Много лет спустя Нащокин вспоминал об этом последнем приезде Пушкина в Москву: «Надо было видеть радость и счастье поэта, когда он получал письма от жены. Он весь сиял и осыпал эти исписанные листочки бумаги поцелуями».

Его подробные письма к жене свидетельствуют о потребности в постоянном общении с ней; он писал обо всем, что волновало: о примечательных московских встречах и новостях, о своих занятиях и планах, о том, что раздражает и угнетает его. На этот раз у Пушкина в Москве было множестве дел, связанных с «Современником»: было необходимо найти среди московских книгопродавцев комиссионера для распродажи журнала и договориться с ним об условиях, хотелось привлечь к сотрудничеству московских авторов. Приезд Пушкина стал праздником для культурной Москвы. В его честь устраивались обеды, поэта наперебой приглашали в гости – литераторы, ученые, актеры, художники, старые друзья Александр Раевский, Чаадаев, Баратынский. Три недели московского радушия и гостеприимства оказались целительными для усталой души Пушкина. Он почувствовал прилив вдохновения и, не закончив дела с московскими книгоиздателями, засобирался домой, к Натали, которая вот‑вот должна была родить. «Пушкин не искусен в книжной торговле, это не его дело, – заключил князь Одоевский, сотрудник «Современника», автор знаменитого «Городка в табакерке».

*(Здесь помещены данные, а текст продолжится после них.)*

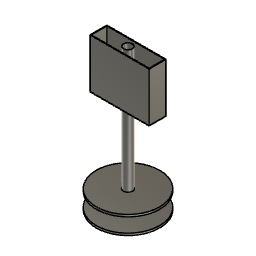
Cuerpo v1 (Autodesk Fusion 360 design; units mm, degrees)
Autodesk Fusion 360 part; units mm, degrees
sketch "Boceto1" plane through (0, 0, 0) normal (0, 1, 0) x (1, 0, 0)
  line L0 (0, 0) -> (0, -1000)
  line L1 (0, 0) -> (32.5, 0)
  line L2 (32.5, -1000) -> (0, -1000)
  line L3 (0, 0) -> (225, 0)
  line L4 (225, 0) -> (225, -15)
  line L5 (225, -15) -> (32.5, -15)
  line L6 (32.5, -115) -> (225, -115)
  line L7 (225, -115) -> (225, -130)
  line L8 (225, -130) -> (32.5, -130)
  line L9 (32.5, -650) -> (210, -650)
  line L10 (32.5, -15) -> (32.5, -115)
  line L11 (32.5, -130) -> (32.5, -1000)
  dimension "d1" = 1000
  dimension "d2" = 32.5
  dimension "d3" = 225
  dimension "d4" = 15
  dimension "d5" = 15
  dimension "d6" = 192.5
  dimension "d7" = 100
  dimension "d9" = 650
  constraint coincident L0.start L1.start
  constraint vertical L0
  constraint perpendicular L0 L1
  constraint perpendicular L1 L10
  constraint perpendicular L0 L2
  constraint perpendicular L0 L3
  constraint perpendicular L3 L4
  constraint perpendicular L5 L10
  constraint perpendicular L6 L10
  constraint perpendicular L6 L7
  constraint coincident L8.end L10
  constraint perpendicular L8 L10
  constraint perpendicular L0 L9
  constraint coincident L9.start L10
  constraint collinear L10 L11
  measures "d1" distance of L0.start L0.end
  measures "d2" distance of L0.start L1.end
  measures "d3" distance of L0.start L3.end
  measures "d4" distance of L3.end L4.end
  measures "d5" distance of L6.end L7.end
  measures "d6" distance of L7.end L8.end
  measures "d7" distance of L5 L6
  measures "d9" distance of L3 L9
revolve "Revolución1" add sketch "Boceto1" angle 360 about axis through (0, 0, 0) along (0, 0, 1)
extrude "Extruir1" cut 1 faces at (-1.1612, 8.4698, 1000) along direction (0, 0, -1) blind 350
sketch "Boceto2" plane through (0, 0, 650) normal (0, 0, 1) x (-1, 0, 0)
  circle A0 centre (0, 0) radius 32.5
  line L0 (210, 0) -> (210, -60)
  line L1 (210, -60) -> (-210, -60)
  line L2 (-210, -60) -> (-210, 60)
  line L3 (-210, 60) -> (210, 60)
  line L4 (210, 60) -> (210, 0)
  dimension "d13" = 210
  dimension "d14" = 60
  dimension "d15" = 420
  dimension "d16" = 120
  dimension "d17" = 420
  constraint perpendicular L0 L1
  constraint perpendicular L1 L2
  constraint perpendicular L2 L3
  measures "d13" distance of A0.centre L0.start
  measures "d14" distance of L0.start L0.end
  measures "d15" distance of L0.end L1.end
  measures "d16" distance of L1.end L2.end
  measures "d17" distance of L2.end L3.end
extrude "Extruir2" add sketch "Boceto2" 1 faces at (-1.1612, 8.4698, 650) along normal blind 350
sketch "Boceto3" plane through (0, 0, 1000) normal (0, 0, 1) x (-1, 0, 0)
  line L0 (210, 60) -> (-210, 60)
  line L1 (-210, 60) -> (-210, -60)
  line L2 (-210, -60) -> (210, -60)
  line L3 (210, -60) -> (210, 60)
  circle A0 centre (0, 0) radius 32.5
  dimension "d20" = 65
  constraint coincident A0.centre origin
  measures "d20" diameter of A0
sketch "Boceto4" plane through (0, 0, 1000) normal (0, 0, 1) x (-1, 0, 0)
  circle A0 centre (0, 0) radius 30
  dimension "d21" = 60
  constraint coincident A0.centre origin
  measures "d21" diameter of A0
extrude "Extruir3" cut sketch "Boceto4" against normal blind 1000
sketch "Boceto5" plane through (0, 0, 0) normal (0, 0, -1) x (1, 0, 0)
  circle A0 centre (0, 0) radius 30
  circle A1 centre (0, 0) radius 225
extrude "Extruir4" add sketch "Boceto5" against normal blind 15 contours A0
sketch "Boceto6" plane through (0, -60, 0) normal (0, -1, 0) x (1, 0, 0)
  line L0 (-210, 650) -> (210, 650)
  line L1 (210, 650) -> (210, 1000)
  line L2 (210, 1000) -> (-210, 1000)
  line L3 (-210, 1000) -> (-210, 650)
sketch "Boceto7" plane through (0, 0, 1000) normal (0, 0, 1) x (-1, 0, 0)
  line L0 (205, -55) -> (205, 55)
  line L1 (205, 55) -> (-205, 55)
  line L2 (-205, 55) -> (-205, -55)
  line L3 (-205, -55) -> (205, -55)
  line L4 (210, -60) -> (210, 60)
  line L5 (-210, 60) -> (-210, -60)
  line L6 (-210, -60) -> (210, -60)
  line L7 (210, 60) -> (-210, 60)
  dimension "d26" = 5
  dimension "d27" = 5
  dimension "d28" = 5
  dimension "d29" = 5
  constraint vertical L0
  constraint perpendicular L0 L1
  constraint perpendicular L1 L2
  constraint perpendicular L0 L3
  measures "d26" distance of L0 L4
  measures "d27" distance of L2 L5
  measures "d28" distance of L3 L6
  measures "d29" distance of L1 L7
extrude "Extruir5" cut sketch "Boceto7" against normal blind 345 contours L0 L1 L2 L3
extrude "Extruir6" cut sketch "Boceto3" against normal blind 350 thin wall 1 on the right open curves A0
sketch "Boceto10" plane through (0, 0, 0) normal (0, 1, 0) x (1, 0, 0)
  line L0 (0, 0) -> (0, -1000)
  dimension "d35" = 1000
  constraint coincident L0.start origin
  constraint vertical L0
  measures "d35" distance of L0.start L0.end
extrude "Extruir7" add 1 faces at (-30.8827, 1.5649, 655) along direction (0, 0, 1) blind 350

Нащокин носил кольцо с бирюзою против насильственной смерти и настоял, чтобы Пушкин принял от него точно такое же. Кольцо было заказано. Его долго не несли, и Пушкин не хотел уехать, не дождавшись его. Кольцо принесли поздно ночью. Жена Нащокина вспоминала, что «у Пушкина было великое множество всяких примет. Часто, собравшись ехать по какому‑либо неотложному делу, он приказывал отпрягать тройку, уже поданную к подъезду, из‑за того только, что кто‑нибудь из домашних или прислуги вручал ему какую‑нибудь забытую вещь вроде носового платка, часов и т. д. В этих случаях он ни шагу уже не делал из дома до тех пор, пока, по его мнению, не пройдет определенный срок, за пределами которого зловещая примета теряла силу».

В придачу к кольцу Нащокин вручил Пушкину подарок для Натали, который и передал ей: «.. Я приехал к себе на дачу 23‑го в полночь и на пороге узнал, что Наталья Николаевна благополучно родила дочь Наталью за несколько часов до моего приезда. Она спала. На другой день я поздравил ее и отдал вместо червонца твое ожерелье, от которого она в восхищении» (27 мая).

«…родила дочь Наталью» – единственная фраза, которую поэт посвятил младшей дочери в своих письмах. Наташа‑младшая родилась слабенькой, ее крестили только через месяц. Все это время Натали не покидала своих комнат наверху дома дачи, что на Каменном острове. Дача состояла из двух отдельных домов, флигеля и крытой галереи. В одном доме находился кабинет Пушкина, рядом гостиная, наверху – комнаты Натали. В другом доме жили сестры Гончаровы с детьми и няньками, во флигеле – Е. И. Загряжская. За две зимы так и не нашлось для сестер женихов. Они скучали, пока Натали не выходила из своих комнат и никого не принимала. 14 июля Екатерина писала брату: «На днях мы предполагаем поехать в лагеря в Красное Село на знаменитые фейерверки, которые там будут: это вероятно будет великолепно, так как весь гвардейский корпус внес сообща 70 тысяч рублей. Наши Острова еще очень мало оживлены из‑за маневров; они кончаются четвертого и тогда начнутся балы на водах и танцевальные вечера, а сейчас у нас только говорильные вечера, на них можно умереть со скуки. Вчера у нас был такой у графини Лаваль, где мы едва не отдали Богу душу от скуки. Сегодня мы должны были бы ехать к Сухозанетам, где было бы то же самое, но так как мы особы благоразумные, мы нашли, что не следует слишком злоупотреблять подобными удовольствиями… Таша посылает тебе второй том Современника… дорогой братец, пришли нам поскорее письмо для Носова (коммерсант, который по распоряжению Д. Н. Гончарова выдавал деньги на содержание сестер в Петербурге. – Н. Г.), так как вот уже скоро первое августа. Наши лошади хотят есть, их никак не уговоришь; а так как они совершенно очаровательны, все ими любуются, и когда мы пускаемся крупной рысью, все останавливаются и нами восхищаются, пока мы не скроемся из виду. Мы здесь слывем превосходными наездницами, когда мы проезжаем верхами, со всех сторон и на всех языках, какие только можно себе представить, все восторгаются прекрасными амазонками…»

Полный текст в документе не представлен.